Task instructions
Scan the records below for the line with "#79=ORIENTED_EDGE('',*,*,#78,.T.);" and the line with "#139=LINE('',#138,#137);". Repeat those two lines and every line between them exactly, and nothing else.

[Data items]
------------

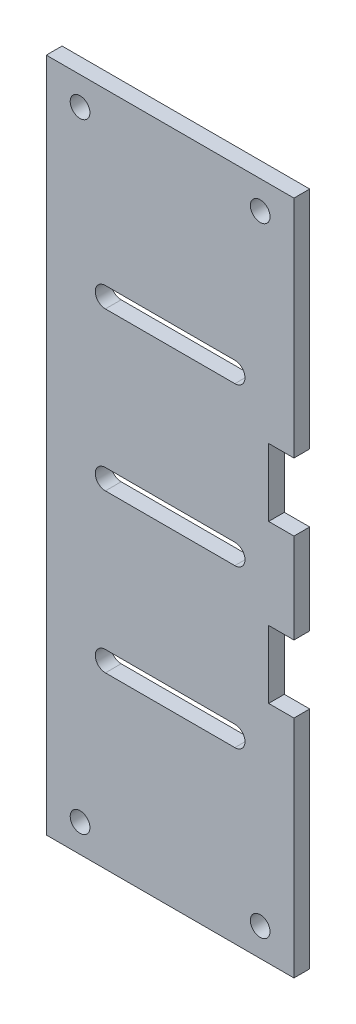
ISO-10303-21;
HEADER;
FILE_DESCRIPTION(('STEP AP214'),'2;1');
FILE_NAME('part.step','',(''),(''),'','','');
FILE_SCHEMA(('AUTOMOTIVE_DESIGN { 1 0 10303 214 1 1 1 1 }'));
ENDSEC;
DATA;
#1=APPLICATION_CONTEXT('core data for automotive mechanical design processes');
#2=APPLICATION_PROTOCOL_DEFINITION('international standard','automotive_design',2000,#1);
#3=PRODUCT_CONTEXT('',#1,'mechanical');
#4=PRODUCT('Part','Part','',(#3));
#5=PRODUCT_RELATED_PRODUCT_CATEGORY('part','',(#4));
#6=PRODUCT_DEFINITION_FORMATION('','',#4);
#7=PRODUCT_DEFINITION_CONTEXT('part definition',#1,'design');
#8=PRODUCT_DEFINITION('design','',#6,#7);
#9=PRODUCT_DEFINITION_SHAPE('','',#8);
#10=(LENGTH_UNIT() NAMED_UNIT(*) SI_UNIT(.MILLI.,.METRE.));
#11=(NAMED_UNIT(*) PLANE_ANGLE_UNIT() SI_UNIT($,.RADIAN.));
#12=(NAMED_UNIT(*) SI_UNIT($,.STERADIAN.) SOLID_ANGLE_UNIT());
#13=UNCERTAINTY_MEASURE_WITH_UNIT(LENGTH_MEASURE(1.E-05),#10,'distance_accuracy_value','');
#14=(GEOMETRIC_REPRESENTATION_CONTEXT(3) GLOBAL_UNCERTAINTY_ASSIGNED_CONTEXT((#13)) GLOBAL_UNIT_ASSIGNED_CONTEXT((#10,
#11,#12)) REPRESENTATION_CONTEXT('',''));
#15=CARTESIAN_POINT('',(0.,0.,0.));
#16=DIRECTION('',(0.,0.,1.));
#17=DIRECTION('',(1.,0.,0.));
#18=AXIS2_PLACEMENT_3D('',#15,#16,#17);
#19=CARTESIAN_POINT('',(0.,0.,2.8));
#20=DIRECTION('',(0.,0.,1.));
#21=DIRECTION('',(1.,0.,0.));
#22=AXIS2_PLACEMENT_3D('',#19,#20,#21);
#23=PLANE('',#22);
#24=CARTESIAN_POINT('',(16.,-55.,2.8));
#25=DIRECTION('',(0.,0.,1.));
#26=DIRECTION('',(1.,0.,0.));
#27=AXIS2_PLACEMENT_3D('',#24,#25,#26);
#28=CIRCLE('',#27,1.75);
#29=CARTESIAN_POINT('',(17.75,-55.,2.8));
#30=VERTEX_POINT('',#29);
#31=EDGE_CURVE('E304',#30,#30,#28,.T.);
#32=ORIENTED_EDGE('',*,*,#31,.F.);
#33=EDGE_LOOP('',(#32));
#34=FACE_BOUND('',#33,.T.);
#35=CARTESIAN_POINT('',(-16.,-55.,2.8));
#36=DIRECTION('',(0.,0.,1.));
#37=DIRECTION('',(1.,0.,0.));
#38=AXIS2_PLACEMENT_3D('',#35,#36,#37);
#39=CIRCLE('',#38,1.75);
#40=CARTESIAN_POINT('',(-14.25,-55.,2.8));
#41=VERTEX_POINT('',#40);
#42=EDGE_CURVE('E316',#41,#41,#39,.T.);
#43=ORIENTED_EDGE('',*,*,#42,.F.);
#44=EDGE_LOOP('',(#43));
#45=FACE_BOUND('',#44,.T.);
#46=DIRECTION('',(0.,-1.,0.));
#47=VECTOR('',#46,1.);
#48=CARTESIAN_POINT('',(-22.,60.,2.8));
#49=LINE('',#48,#47);
#50=CARTESIAN_POINT('',(-22.,60.,2.8));
#51=VERTEX_POINT('',#50);
#52=CARTESIAN_POINT('',(-22.,-60.,2.8));
#53=VERTEX_POINT('',#52);
#54=EDGE_CURVE('E322',#51,#53,#49,.T.);
#55=ORIENTED_EDGE('',*,*,#54,.T.);
#56=DIRECTION('',(1.,0.,0.));
#57=VECTOR('',#56,1.);
#58=CARTESIAN_POINT('',(-22.,-60.,2.8));
#59=LINE('',#58,#57);
#60=CARTESIAN_POINT('',(22.,-60.,2.8));
#61=VERTEX_POINT('',#60);
#62=EDGE_CURVE('E325',#53,#61,#59,.T.);
#63=ORIENTED_EDGE('',*,*,#62,.T.);
#64=DIRECTION('',(0.,1.,0.));
#65=VECTOR('',#64,1.);
#66=CARTESIAN_POINT('',(22.,-60.,2.8));
#67=LINE('',#66,#65);
#68=CARTESIAN_POINT('',(22.,-20.,2.8));
#69=VERTEX_POINT('',#68);
#70=EDGE_CURVE('E328',#61,#69,#67,.T.);
#71=ORIENTED_EDGE('',*,*,#70,.T.);
#72=DIRECTION('',(-1.,0.,0.));
#73=VECTOR('',#72,1.);
#74=CARTESIAN_POINT('',(22.,-20.,2.8));
#75=LINE('',#74,#73);
#76=CARTESIAN_POINT('',(17.5,-20.,2.8));
#77=VERTEX_POINT('',#76);
#78=EDGE_CURVE('E330',#69,#77,#75,.T.);
#79=ORIENTED_EDGE('',*,*,#78,.T.);
#80=DIRECTION('',(0.,1.,0.));
#81=VECTOR('',#80,1.);
#82=CARTESIAN_POINT('',(17.5,-20.,2.8));
#83=LINE('',#82,#81);
#84=CARTESIAN_POINT('',(17.5,-8.,2.8));
#85=VERTEX_POINT('',#84);
#86=EDGE_CURVE('E332',#77,#85,#83,.T.);
#87=ORIENTED_EDGE('',*,*,#86,.T.);
#88=DIRECTION('',(1.,0.,0.));
#89=VECTOR('',#88,1.);
#90=CARTESIAN_POINT('',(17.5,-8.,2.8));
#91=LINE('',#90,#89);
#92=CARTESIAN_POINT('',(22.,-8.,2.8));
#93=VERTEX_POINT('',#92);
#94=EDGE_CURVE('E334',#85,#93,#91,.T.);
#95=ORIENTED_EDGE('',*,*,#94,.T.);
#96=DIRECTION('',(0.,1.,0.));
#97=VECTOR('',#96,1.);
#98=CARTESIAN_POINT('',(22.,-8.,2.8));
#99=LINE('',#98,#97);
#100=CARTESIAN_POINT('',(22.,8.,2.8));
#101=VERTEX_POINT('',#100);
#102=EDGE_CURVE('E336',#93,#101,#99,.T.);
#103=ORIENTED_EDGE('',*,*,#102,.T.);
#104=DIRECTION('',(-1.,0.,0.));
#105=VECTOR('',#104,1.);
#106=CARTESIAN_POINT('',(22.,8.,2.8));
#107=LINE('',#106,#105);
#108=CARTESIAN_POINT('',(17.5,8.,2.8));
#109=VERTEX_POINT('',#108);
#110=EDGE_CURVE('E338',#101,#109,#107,.T.);
#111=ORIENTED_EDGE('',*,*,#110,.T.);
#112=DIRECTION('',(0.,1.,0.));
#113=VECTOR('',#112,1.);
#114=CARTESIAN_POINT('',(17.5,8.,2.8));
#115=LINE('',#114,#113);
#116=CARTESIAN_POINT('',(17.5,20.,2.8));
#117=VERTEX_POINT('',#116);
#118=EDGE_CURVE('E340',#109,#117,#115,.T.);
#119=ORIENTED_EDGE('',*,*,#118,.T.);
#120=DIRECTION('',(1.,0.,0.));
#121=VECTOR('',#120,1.);
#122=CARTESIAN_POINT('',(17.5,20.,2.8));
#123=LINE('',#122,#121);
#124=CARTESIAN_POINT('',(22.,20.,2.8));
#125=VERTEX_POINT('',#124);
#126=EDGE_CURVE('E342',#117,#125,#123,.T.);
#127=ORIENTED_EDGE('',*,*,#126,.T.);
#128=DIRECTION('',(0.,1.,0.));
#129=VECTOR('',#128,1.);
#130=CARTESIAN_POINT('',(22.,20.,2.8));
#131=LINE('',#130,#129);
#132=CARTESIAN_POINT('',(22.,60.,2.8));
#133=VERTEX_POINT('',#132);
#134=EDGE_CURVE('E344',#125,#133,#131,.T.);
#135=ORIENTED_EDGE('',*,*,#134,.T.);
#136=DIRECTION('',(-1.,0.,0.));
#137=VECTOR('',#136,1.);
#138=CARTESIAN_POINT('',(22.,60.,2.8));
#139=LINE('',#138,#137);
#140=EDGE_CURVE('E346',#133,#51,#139,.T.);
#141=ORIENTED_EDGE('',*,*,#140,.T.);
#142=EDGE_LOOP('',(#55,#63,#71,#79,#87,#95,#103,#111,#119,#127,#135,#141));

------------

Response box
#79=ORIENTED_EDGE('',*,*,#78,.T.);
#80=DIRECTION('',(0.,1.,0.));
#81=VECTOR('',#80,1.);
#82=CARTESIAN_POINT('',(17.5,-20.,2.8));
#83=LINE('',#82,#81);
#84=CARTESIAN_POINT('',(17.5,-8.,2.8));
#85=VERTEX_POINT('',#84);
#86=EDGE_CURVE('E332',#77,#85,#83,.T.);
#87=ORIENTED_EDGE('',*,*,#86,.T.);
#88=DIRECTION('',(1.,0.,0.));
#89=VECTOR('',#88,1.);
#90=CARTESIAN_POINT('',(17.5,-8.,2.8));
#91=LINE('',#90,#89);
#92=CARTESIAN_POINT('',(22.,-8.,2.8));
#93=VERTEX_POINT('',#92);
#94=EDGE_CURVE('E334',#85,#93,#91,.T.);
#95=ORIENTED_EDGE('',*,*,#94,.T.);
#96=DIRECTION('',(0.,1.,0.));
#97=VECTOR('',#96,1.);
#98=CARTESIAN_POINT('',(22.,-8.,2.8));
#99=LINE('',#98,#97);
#100=CARTESIAN_POINT('',(22.,8.,2.8));
#101=VERTEX_POINT('',#100);
#102=EDGE_CURVE('E336',#93,#101,#99,.T.);
#103=ORIENTED_EDGE('',*,*,#102,.T.);
#104=DIRECTION('',(-1.,0.,0.));
#105=VECTOR('',#104,1.);
#106=CARTESIAN_POINT('',(22.,8.,2.8));
#107=LINE('',#106,#105);
#108=CARTESIAN_POINT('',(17.5,8.,2.8));
#109=VERTEX_POINT('',#108);
#110=EDGE_CURVE('E338',#101,#109,#107,.T.);
#111=ORIENTED_EDGE('',*,*,#110,.T.);
#112=DIRECTION('',(0.,1.,0.));
#113=VECTOR('',#112,1.);
#114=CARTESIAN_POINT('',(17.5,8.,2.8));
#115=LINE('',#114,#113);
#116=CARTESIAN_POINT('',(17.5,20.,2.8));
#117=VERTEX_POINT('',#116);
#118=EDGE_CURVE('E340',#109,#117,#115,.T.);
#119=ORIENTED_EDGE('',*,*,#118,.T.);
#120=DIRECTION('',(1.,0.,0.));
#121=VECTOR('',#120,1.);
#122=CARTESIAN_POINT('',(17.5,20.,2.8));
#123=LINE('',#122,#121);
#124=CARTESIAN_POINT('',(22.,20.,2.8));
#125=VERTEX_POINT('',#124);
#126=EDGE_CURVE('E342',#117,#125,#123,.T.);
#127=ORIENTED_EDGE('',*,*,#126,.T.);
#128=DIRECTION('',(0.,1.,0.));
#129=VECTOR('',#128,1.);
#130=CARTESIAN_POINT('',(22.,20.,2.8));
#131=LINE('',#130,#129);
#132=CARTESIAN_POINT('',(22.,60.,2.8));
#133=VERTEX_POINT('',#132);
#134=EDGE_CURVE('E344',#125,#133,#131,.T.);
#135=ORIENTED_EDGE('',*,*,#134,.T.);
#136=DIRECTION('',(-1.,0.,0.));
#137=VECTOR('',#136,1.);
#138=CARTESIAN_POINT('',(22.,60.,2.8));
#139=LINE('',#138,#137);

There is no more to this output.